Having children is great. There are also crappy days and nights with kids. I know this both as someone who has provided my own parents with ample crappy days, and as a mother who has been trapped in the house with Purell and two little boys with pinkeye. There was the late night when I delivered a monologue about the soul-sucking nature of breastfeeding and motherhood to a gray potholder in my Upper West Side kitchen (now, of course, people can blog about such things). There was the day when I sent the kid to school vaguely pissed that they got mud all over the seats of the car – and then got a call from the nurse that the kid might have a concussion. I raced to the school, heart in throat, realizing that if something really bad happened to my kid, my life would not be worth living. Now that’s fun!
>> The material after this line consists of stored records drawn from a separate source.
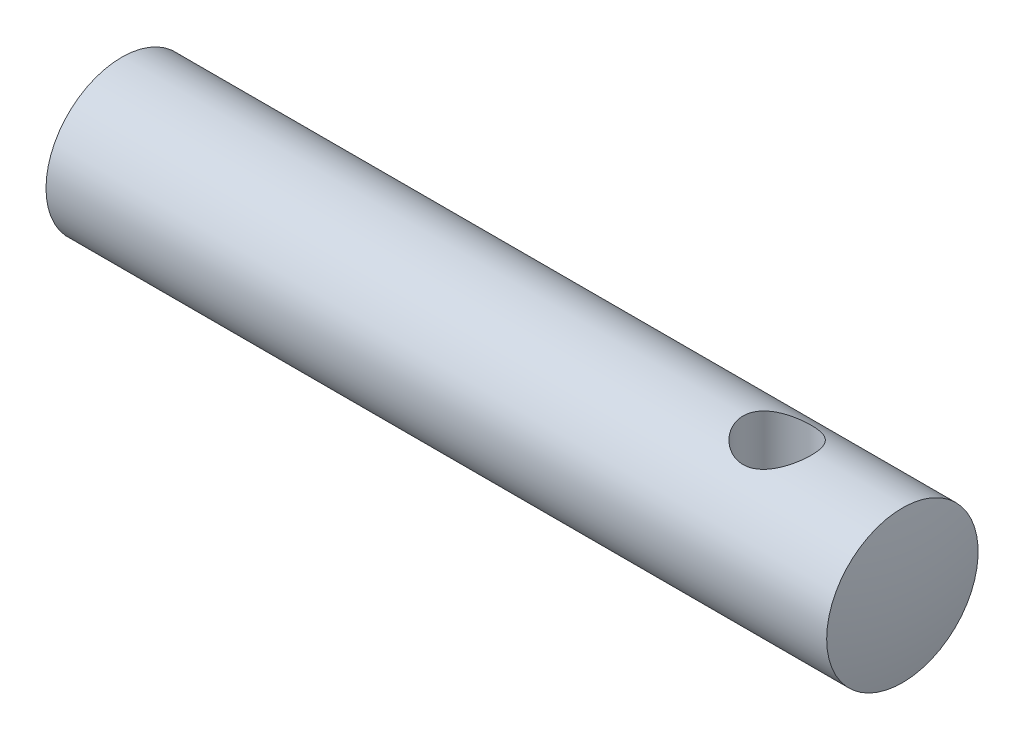
SolidWorks part; units mm, degrees
ref_plane "Piano frontale" through (0, 0, 0) normal (0, 0, 1) x (1, 0, 0)
ref_plane "Piano superiore" through (0, 0, 0) normal (0, 1, 0) x (1, 0, 0)
ref_plane "Piano destro" through (0, 0, 0) normal (1, 0, 0) x (0, 0, -1)
sketch "Schizzo2" plane through (0, 0, 0) normal (0, 1, 0) x (1, 0, 0)
  line L1 (-10.5, 2) -> (10.5, 2)
  line L2 (-10.5, 2) -> (-10.5, -2)
  line L3 (-10.5, -2) -> (10.5, -2)
  line L4 (10.5, 2) -> (10.5, -2)
  line L5 (-10.5, 0) -> (10.5, 0)
  circle A0 centre (0, 0) radius 10.5
  dimension "D1" = 21
  dimension "D2" = 4
  dimension "D3" = 2
revolve "Rivoluzione1" add sketch "Schizzo2" angle 360 about L5
sketch "Schizzo3" plane through (0, 0, 0) normal (0, 1, 0) x (1, 0, 0)
  circle A0 centre (7, 0) radius 0.9
  point P2 (0, 0)
  dimension "D2" = 1.8
  dimension "D1" = 7
extrude "Taglio-Estrusione2" cut sketch "Schizzo3" against normal through all both and the other way through all
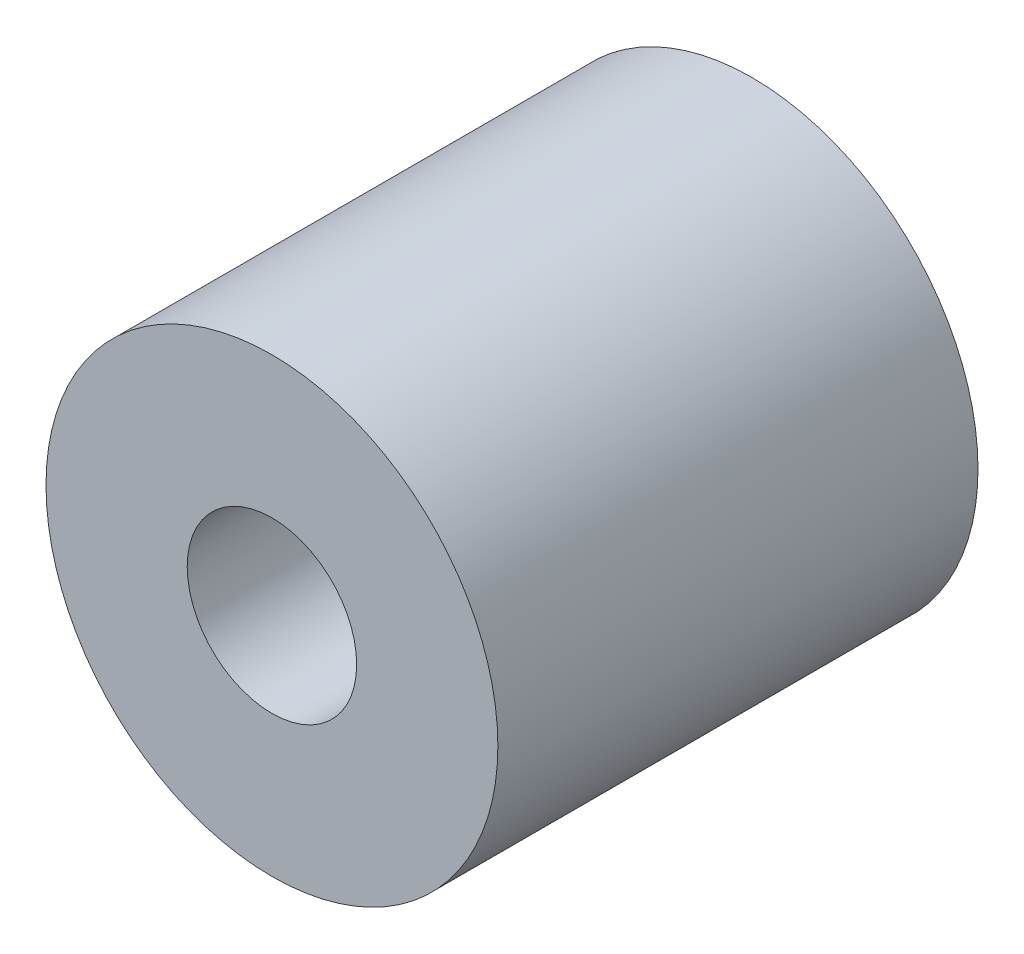
SolidWorks part; units mm, degrees
ref_plane "Front Plane" through (0, 0, 0) normal (0, 0, 1) x (1, 0, 0)
ref_plane "Top Plane" through (0, 0, 0) normal (0, 1, 0) x (1, 0, 0)
ref_plane "Right Plane" through (0, 0, 0) normal (1, 0, 0) x (0, 0, -1)
sketch "Sketch1" plane through (0, 0, 0) normal (0, 0, 1) x (1, 0, 0)
  circle A0 centre (0, 0) radius 4
  circle A1 centre (0, 0) radius 3
  dimension "D1" = 8
  dimension "D2" = 6
extrude "Boss-Extrude1" add sketch "Sketch1" along normal blind 8.5
sketch "Sketch2" plane through (0, 0, 8.5) normal (0, 0, 1) x (1, 0, 0)
  circle A0 centre (0, 0) radius 3
  circle A1 centre (0, 0) radius 1.5
  dimension "D1" = 3
extrude "Boss-Extrude2" add sketch "Sketch2" against normal offset from surface (6 mm away) 2.5 up to face at (4, 0, 0)
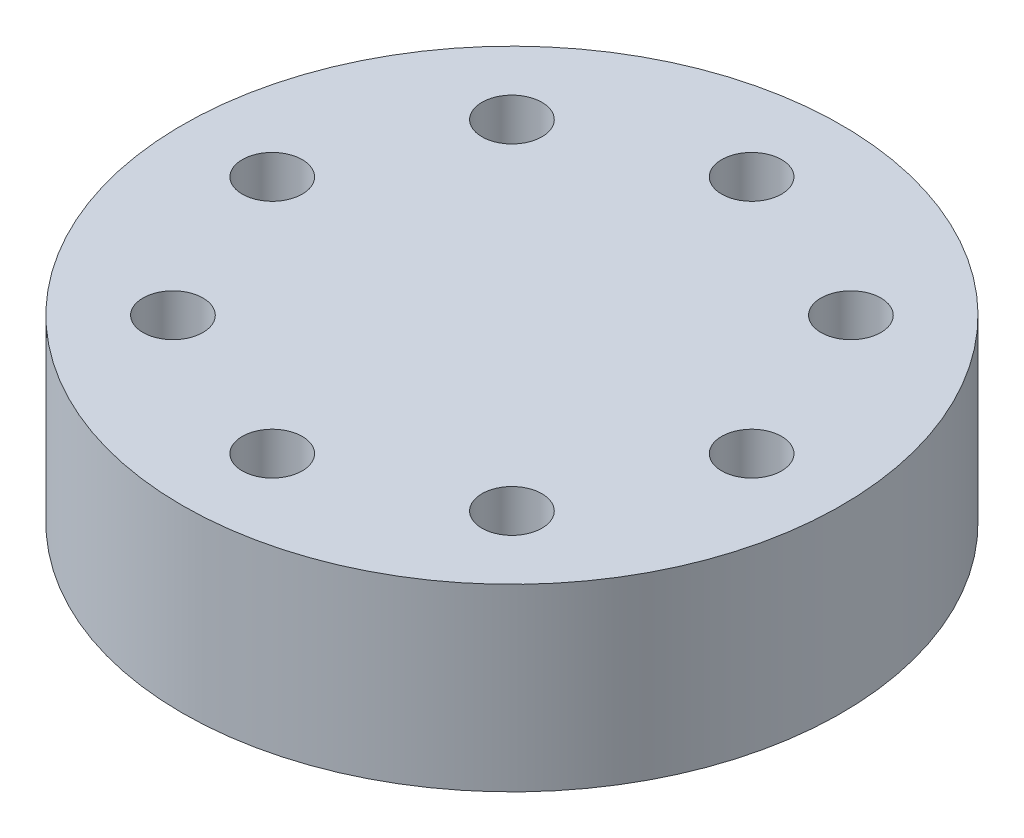
SolidWorks part; units mm, degrees
ref_plane "Front Plane" through (0, 0, 0) normal (0, 0, 1) x (1, 0, 0)
ref_plane "Top Plane" through (0, 0, 0) normal (0, 1, 0) x (1, 0, 0)
ref_plane "Right Plane" through (0, 0, 0) normal (1, 0, 0) x (0, 0, -1)
sketch "Sketch1" plane through (0, 0, 0) normal (0, 1, 0) x (1, 0, 0)
  circle A0 centre (0, 0) radius 11
  circle A1 centre (0, 0) radius 8 construction
  circle A2 centre (0, 8) radius 1
  circle A3 centre (5.6569, 5.6569) radius 1
  circle A4 centre (8, 0) radius 1
  circle A5 centre (5.6569, -5.6569) radius 1
  circle A6 centre (0, -8) radius 1
  circle A7 centre (-5.6569, -5.6569) radius 1
  circle A8 centre (-8, 0) radius 1
  circle A9 centre (-5.6569, 5.6569) radius 1
  point P22 (0, 0)
  dimension "D1" = 22
  dimension "D2" = 16
  dimension "D3" = 2
  dimension "D4" = 8
extrude "Boss-Extrude1" add sketch "Sketch1" along normal blind 6
sketch "Sketch2" plane through (0, 0, 0) normal (0, -1, 0) x (1, 0, 0)
  circle A0 centre (0, 0) radius 4
  dimension "D1" = 8
extrude "Cut-Extrude1" cut sketch "Sketch2" against normal blind 5.5

But I also know that having children is also a convenient excuse for falling back on your own insecurities and faults instead of pursuing your dreams. Lazy? “Oh, I had no time to do that – you know, the kids.” I’m sorry, Father in Florida, but you’re taking the easy way out. People have lived through Auschwitz, amputations, cancers and other horrors to write books, win Nobel Prizes, run marathons and move mountains. You see where I believe that it’s possible for you to handle your 4- year-old and 1-year-old. If you build it, they will come. No, seriously – if you want to accomplish something, you make the time and you force yourself and you can do it. Stephen J. Hawking doesn’t sit around because it’s the easiest thing for him to do – and I’m sure it would be. Instead, he writes unintelligible books on levels of brilliance I can barely comprehend.

Basically what I’m saying is, don’t surrender. Live your life. Be the best person you can be, both for your kids and for yourself. Show your children what it is like to be a loving, happy adult – not only because it will be a hell of a lot more fun for you than bitching, but also because then they will have a role model after which to pattern their own loving, happy lives.

Oh, also? Every now and then, I highly recommend getting a sitter. Trust me.